Here in North America, the most understood butterfly is the monarch. The monarch is the only butterfly known to make a two-way migration, and they’re the only species to migrate such a vast distance. Since the life expectancy of a typical adult monarch is measured in just weeks and the thousands of miles traveled during a two-way migration is measured in months, it can take up to five generations of butterflies to make the round-trip. Each generation has only a small window of time to cover a great distance and fulfill its part in an astonishing journey.

So, you’re probably wondering why I think this phenomenon relates to us? Well, it’s not just the fact that they like to migrate south during the winter months for the warmer weather. The monarchs know it’s about the survival of their own species. The monarch migration tells us a story about how playing our part really matters and how we ought to pursue a meaningful journey that continues beyond our lifetime. I guess you can say this is the monarchs’ way of paying it forward. For them, it comes naturally. It’s in their DNA.

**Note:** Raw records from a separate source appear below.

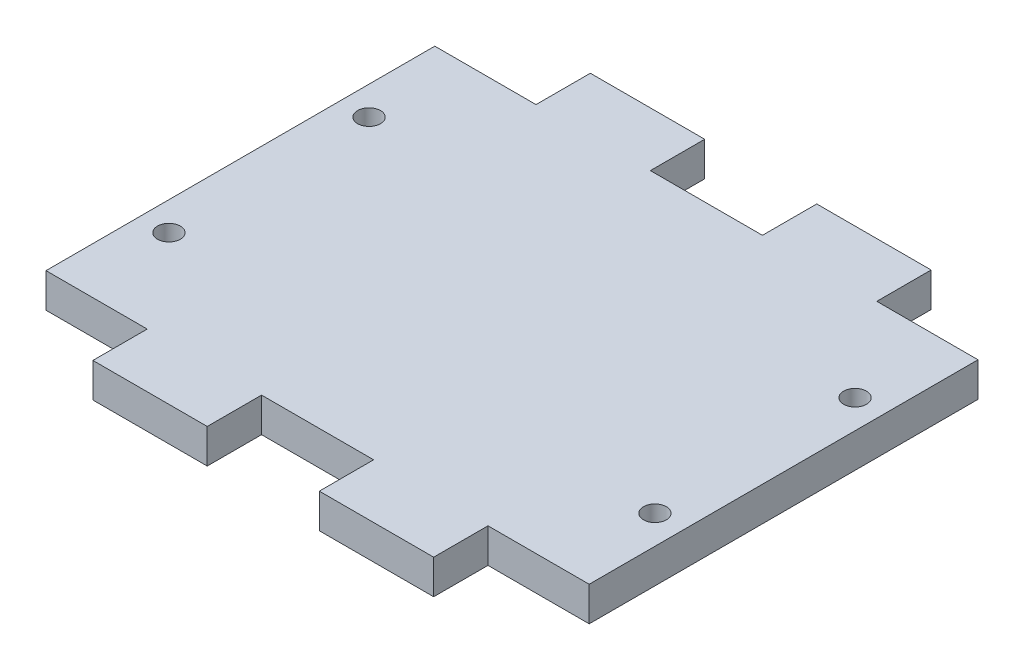
ISO-10303-21;
HEADER;
FILE_DESCRIPTION(('STEP AP214'),'2;1');
FILE_NAME('part.step','',(''),(''),'','','');
FILE_SCHEMA(('AUTOMOTIVE_DESIGN { 1 0 10303 214 1 1 1 1 }'));
ENDSEC;
DATA;
#1=APPLICATION_CONTEXT('core data for automotive mechanical design processes');
#2=APPLICATION_PROTOCOL_DEFINITION('international standard','automotive_design',2000,#1);
#3=PRODUCT_CONTEXT('',#1,'mechanical');
#4=PRODUCT('Part','Part','',(#3));
#5=PRODUCT_RELATED_PRODUCT_CATEGORY('part','',(#4));
#6=PRODUCT_DEFINITION_FORMATION('','',#4);
#7=PRODUCT_DEFINITION_CONTEXT('part definition',#1,'design');
#8=PRODUCT_DEFINITION('design','',#6,#7);
#9=PRODUCT_DEFINITION_SHAPE('','',#8);
#10=(LENGTH_UNIT() NAMED_UNIT(*) SI_UNIT(.MILLI.,.METRE.));
#11=(NAMED_UNIT(*) PLANE_ANGLE_UNIT() SI_UNIT($,.RADIAN.));
#12=(NAMED_UNIT(*) SI_UNIT($,.STERADIAN.) SOLID_ANGLE_UNIT());
#13=UNCERTAINTY_MEASURE_WITH_UNIT(LENGTH_MEASURE(1.E-05),#10,'distance_accuracy_value','');
#14=(GEOMETRIC_REPRESENTATION_CONTEXT(3) GLOBAL_UNCERTAINTY_ASSIGNED_CONTEXT((#13)) GLOBAL_UNIT_ASSIGNED_CONTEXT((#10,
#11,#12)) REPRESENTATION_CONTEXT('',''));
#15=CARTESIAN_POINT('',(0.,0.,0.));
#16=DIRECTION('',(0.,0.,1.));
#17=DIRECTION('',(1.,0.,0.));
#18=AXIS2_PLACEMENT_3D('',#15,#16,#17);
#19=CARTESIAN_POINT('',(4.89999999999999,3.,0.));
#20=DIRECTION('',(-1.,0.,0.));
#21=DIRECTION('',(0.,0.,1.));
#22=AXIS2_PLACEMENT_3D('',#19,#20,#21);
#23=PLANE('',#22);
#24=DIRECTION('',(0.,0.,-1.));
#25=VECTOR('',#24,1.);
#26=CARTESIAN_POINT('',(4.89999999999999,0.,0.));
#27=LINE('',#26,#25);
#28=CARTESIAN_POINT('',(4.89999999999999,0.,-17.0000000000001));
#29=VERTEX_POINT('',#28);
#30=CARTESIAN_POINT('',(4.89999999999999,0.,-21.7500000000001));
#31=VERTEX_POINT('',#30);
#32=EDGE_CURVE('E215',#29,#31,#27,.T.);
#33=ORIENTED_EDGE('',*,*,#32,.F.);
#34=DIRECTION('',(0.,-1.,0.));
#35=VECTOR('',#34,1.);
#36=CARTESIAN_POINT('',(4.89999999999999,3.,-17.0000000000001));
#37=LINE('',#36,#35);
#38=CARTESIAN_POINT('',(4.89999999999999,3.,-17.0000000000001));
#39=VERTEX_POINT('',#38);
#40=EDGE_CURVE('E11',#39,#29,#37,.T.);
#41=ORIENTED_EDGE('',*,*,#40,.F.);
#42=DIRECTION('',(0.,0.,-1.));
#43=VECTOR('',#42,1.);
#44=CARTESIAN_POINT('',(4.89999999999999,3.,0.));
#45=LINE('',#44,#43);
#46=CARTESIAN_POINT('',(4.89999999999999,3.,-21.7500000000001));
#47=VERTEX_POINT('',#46);
#48=EDGE_CURVE('E285',#39,#47,#45,.T.);
#49=ORIENTED_EDGE('',*,*,#48,.T.);
#50=DIRECTION('',(0.,-1.,0.));
#51=VECTOR('',#50,1.);
#52=CARTESIAN_POINT('',(4.89999999999999,3.,-21.7500000000001));
#53=LINE('',#52,#51);
#54=EDGE_CURVE('E60',#47,#31,#53,.T.);
#55=ORIENTED_EDGE('',*,*,#54,.T.);
#56=EDGE_LOOP('',(#33,#41,#49,#55));
#57=FACE_BOUND('',#56,.T.);
#58=ADVANCED_FACE('F41',(#57),#23,.T.);
#59=CARTESIAN_POINT('',(0.,3.,-17.0000000000001));
#60=DIRECTION('',(0.,0.,1.));
#61=DIRECTION('',(1.,0.,0.));
#62=AXIS2_PLACEMENT_3D('',#59,#60,#61);
#63=PLANE('',#62);
#64=DIRECTION('',(-1.,0.,0.));
#65=VECTOR('',#64,1.);
#66=CARTESIAN_POINT('',(0.,0.,-17.0000000000001));
#67=LINE('',#66,#65);
#68=CARTESIAN_POINT('',(-4.90000000000001,0.,-17.0000000000001));
#69=VERTEX_POINT('',#68);
#70=EDGE_CURVE('E218',#29,#69,#67,.T.);
#71=ORIENTED_EDGE('',*,*,#70,.T.);
#72=DIRECTION('',(0.,-1.,0.));
#73=VECTOR('',#72,1.);
#74=CARTESIAN_POINT('',(-4.90000000000001,3.,-17.0000000000001));
#75=LINE('',#74,#73);
#76=CARTESIAN_POINT('',(-4.90000000000001,3.,-17.0000000000001));
#77=VERTEX_POINT('',#76);
#78=EDGE_CURVE('E51',#77,#69,#75,.T.);
#79=ORIENTED_EDGE('',*,*,#78,.F.);
#80=DIRECTION('',(-1.,0.,0.));
#81=VECTOR('',#80,1.);
#82=CARTESIAN_POINT('',(0.,3.,-17.0000000000001));
#83=LINE('',#82,#81);
#84=EDGE_CURVE('E476',#39,#77,#83,.T.);
#85=ORIENTED_EDGE('',*,*,#84,.F.);
#86=ORIENTED_EDGE('',*,*,#40,.T.);
#87=EDGE_LOOP('',(#71,#79,#85,#86));
#88=FACE_BOUND('',#87,.T.);
#89=ADVANCED_FACE('F374',(#88),#63,.F.);
#90=CARTESIAN_POINT('',(-4.90000000000001,3.,0.));
#91=DIRECTION('',(-1.,0.,0.));
#92=DIRECTION('',(0.,0.,1.));
#93=AXIS2_PLACEMENT_3D('',#90,#91,#92);
#94=PLANE('',#93);
#95=DIRECTION('',(0.,0.,-1.));
#96=VECTOR('',#95,1.);
#97=CARTESIAN_POINT('',(-4.90000000000001,0.,0.));
#98=LINE('',#97,#96);
#99=CARTESIAN_POINT('',(-4.90000000000001,0.,-21.7500000000001));
#100=VERTEX_POINT('',#99);
#101=EDGE_CURVE('E221',#69,#100,#98,.T.);
#102=ORIENTED_EDGE('',*,*,#101,.T.);
#103=DIRECTION('',(0.,-1.,0.));
#104=VECTOR('',#103,1.);
#105=CARTESIAN_POINT('',(-4.90000000000001,3.,-21.7500000000001));
#106=LINE('',#105,#104);
#107=CARTESIAN_POINT('',(-4.90000000000001,3.,-21.7500000000001));
#108=VERTEX_POINT('',#107);
#109=EDGE_CURVE('E335',#108,#100,#106,.T.);
#110=ORIENTED_EDGE('',*,*,#109,.F.);
#111=DIRECTION('',(0.,0.,-1.));
#112=VECTOR('',#111,1.);
#113=CARTESIAN_POINT('',(-4.90000000000001,3.,0.));
#114=LINE('',#113,#112);
#115=EDGE_CURVE('E470',#77,#108,#114,.T.);
#116=ORIENTED_EDGE('',*,*,#115,.F.);
#117=ORIENTED_EDGE('',*,*,#78,.T.);
#118=EDGE_LOOP('',(#102,#110,#116,#117));
#119=FACE_BOUND('',#118,.T.);
#120=ADVANCED_FACE('F378',(#119),#94,.F.);
#121=CARTESIAN_POINT('',(0.,3.,-21.7500000000001));
#122=DIRECTION('',(0.,0.,-1.));
#123=DIRECTION('',(-1.,0.,0.));
#124=AXIS2_PLACEMENT_3D('',#121,#122,#123);
#125=PLANE('',#124);
#126=DIRECTION('',(1.,0.,0.));
#127=VECTOR('',#126,1.);
#128=CARTESIAN_POINT('',(0.,0.,-21.7500000000001));
#129=LINE('',#128,#127);
#130=CARTESIAN_POINT('',(-14.9,0.,-21.7500000000001));
#131=VERTEX_POINT('',#130);
#132=EDGE_CURVE('E225',#131,#100,#129,.T.);
#133=ORIENTED_EDGE('',*,*,#132,.F.);
#134=DIRECTION('',(0.,-1.,0.));
#135=VECTOR('',#134,1.);
#136=CARTESIAN_POINT('',(-14.9,3.,-21.7500000000001));
#137=LINE('',#136,#135);
#138=CARTESIAN_POINT('',(-14.9,3.,-21.7500000000001));
#139=VERTEX_POINT('',#138);
#140=EDGE_CURVE('E332',#139,#131,#137,.T.);
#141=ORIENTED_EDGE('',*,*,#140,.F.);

But unlike the monarchs, humans can make a choice. We can simply live in the present and enjoy the accomplishments of previous generations, or we can take actions toward outcomes that go beyond ourselves. This can only be achieved by having a shared vision and a commitment from others to work toward a destination — whatever that destination may be.

We’ve come a long way since that first generation of veterans with spinal-cord injuries came home after World War II. They initiated our great migration. And over the past 75-plus years, every subsequent generation has resisted its own version of status quo, which is why we enjoy the quality of life that we have today.

We can’t allow the work of those past generations to be in vain, so continuing their collective effort is paramount. Like the story of the monarchs, every generation has only a small window of time to cover a great distance, and we must all fulfill our part in this astonishing journey.